Wednesday, February 24, 2016

Two years past, two steps back

It’s funny how a guy will turn down the music when he’s forced to concentrate on watching for certain street signs and exits off the freeway.

I sit here with similarly down-turned music (and a contrastingly-high blood alcohol content), having just finished reliving the recent years of my past as chronicled on this very blog. It's time to concentrate, and to write.

Holy shit, I miss some of the old me.

The thing is, nobody I know or have ever heard of has looked back on their past selves and said “They’ve got it figured out, much more than I do right now!” The benefit of hindsight is 20/20, which is an ironic presence of the number 20, considering we’re often looking back at our 20s and wondering how the hell we were ever so naive and innocent!

Anyways, it’s been 729 days - nearly two years to the day - that I last uploaded an entry to this blog. I started out so strong, wrote things I was and still am immensely proud of… Then it fell apart. I quit writing because I was writing for the wrong reasons. I shouldn’t write verbose, self-aggrandizing bullshit that only ends up being a wordy way of saying “Hey everybody! Look at me! I exist!” Writing for validation isn’t the right reason to be writing at all.

It’d be a lie to say that I miss it, though. The validation, that is. Three years ago, I found myself at my lowest weight in recent history, skinny-dipping with hotties at midnight, sucking at the teet of validation just enough to keep me afloat. I’ve since dialed back on all that, retreated myself to a more safe place, not content to continue the habits that led to such success and excess.

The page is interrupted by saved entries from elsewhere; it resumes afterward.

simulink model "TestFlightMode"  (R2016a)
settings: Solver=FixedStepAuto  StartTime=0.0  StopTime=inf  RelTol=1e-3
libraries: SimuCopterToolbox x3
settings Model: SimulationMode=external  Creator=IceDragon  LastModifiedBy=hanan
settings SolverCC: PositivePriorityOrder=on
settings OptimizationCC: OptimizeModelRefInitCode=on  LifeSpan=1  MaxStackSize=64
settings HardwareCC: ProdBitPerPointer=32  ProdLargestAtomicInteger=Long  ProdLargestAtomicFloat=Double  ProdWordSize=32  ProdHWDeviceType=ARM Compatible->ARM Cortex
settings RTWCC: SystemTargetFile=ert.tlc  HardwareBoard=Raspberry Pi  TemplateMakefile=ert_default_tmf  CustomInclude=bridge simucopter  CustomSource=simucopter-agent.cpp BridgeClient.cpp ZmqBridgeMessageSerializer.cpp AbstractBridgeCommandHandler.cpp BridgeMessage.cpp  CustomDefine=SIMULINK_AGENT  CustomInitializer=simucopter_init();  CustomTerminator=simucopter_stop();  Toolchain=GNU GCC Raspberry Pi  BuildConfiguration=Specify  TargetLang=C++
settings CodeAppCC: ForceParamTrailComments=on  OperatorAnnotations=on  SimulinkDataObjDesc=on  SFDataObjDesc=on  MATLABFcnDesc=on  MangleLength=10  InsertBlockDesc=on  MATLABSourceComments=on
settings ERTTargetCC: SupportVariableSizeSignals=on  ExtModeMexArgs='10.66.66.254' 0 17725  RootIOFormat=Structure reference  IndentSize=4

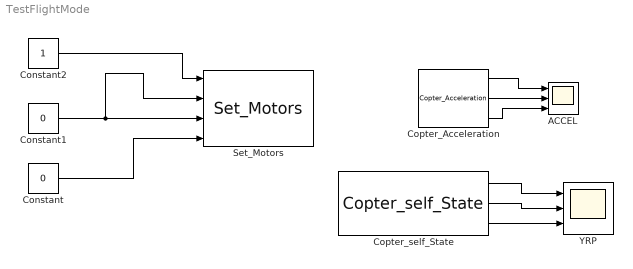
== system TestFlightMode ==
  ACCEL : Scope  NumInputPorts=3
  Constant : Constant  Value=0
  Constant1 : Constant  Value=0
  Constant2 : Constant
  Copter_Acceleration : SimuCopterToolbox/Copter_Acceleration  SimulateUsing=Code generation
  Copter_self_State : SimuCopterToolbox/Copter_self_State  SimulateUsing=Code generation
  Set_Motors : SimuCopterToolbox/Set_Motors  SimulateUsing=Code generation
  YRP : Scope  NumInputPorts=3
  wires:
  Copter_Acceleration/1 -> ACCEL/1
  Copter_Acceleration/2 -> ACCEL/2
  Copter_Acceleration/3 -> ACCEL/3
  Constant/1 -> Set_Motors/4
  Constant1/1 -> Set_Motors/2, Set_Motors/3
  Copter_self_State/1 -> YRP/1
  Copter_self_State/2 -> YRP/2
  Copter_self_State/3 -> YRP/3
  Constant2/1 -> Set_Motors/1

But whatever, fuck it, I’m back at my keyboard, typing away now. I suck back at the bottle not because I’m digging for courage or answers at the bottom of it, but because I genuinely love the taste of an India Pale Ale now. I’ve been at my lowest weight, I’ve gained it all back, and yo-yoed again since those halcyon times. I’m currently on the rebound, but don’t pat my back yet.

Who knows what this summer will bring? Maybe I’ll get to relive the adventures of ‘13, maybe I’ll get to even get to be set up with a girl I’d love to be with (had we not been two different people) like the summer of ‘15. Maybe this year, my latest crush will become more than that and I’ll finally have someone who’s not my brother to share a tent with, up on that island on the Canadian border!

Whatever transpires, we’re still in the grasp of February, and while El NiƱo has been blessing us with a mild winter, there’s still plenty of time to mold myself - both physically and mentally - into the person who desires and deserves a summer of love, a summer of excess,  a summer of adventure.

I’m not promising to write anything more. While I’ve had literally hundreds of burgers in the meantime, I don’t think I’m meant to be a cheeseburger power ranker like I once attempted.  But I’ll try to write as my mood affords. Whether anybody cares to read, I don’t care.

I’m not writing for your validation, anymore. Now, I’m writing for my confirmation.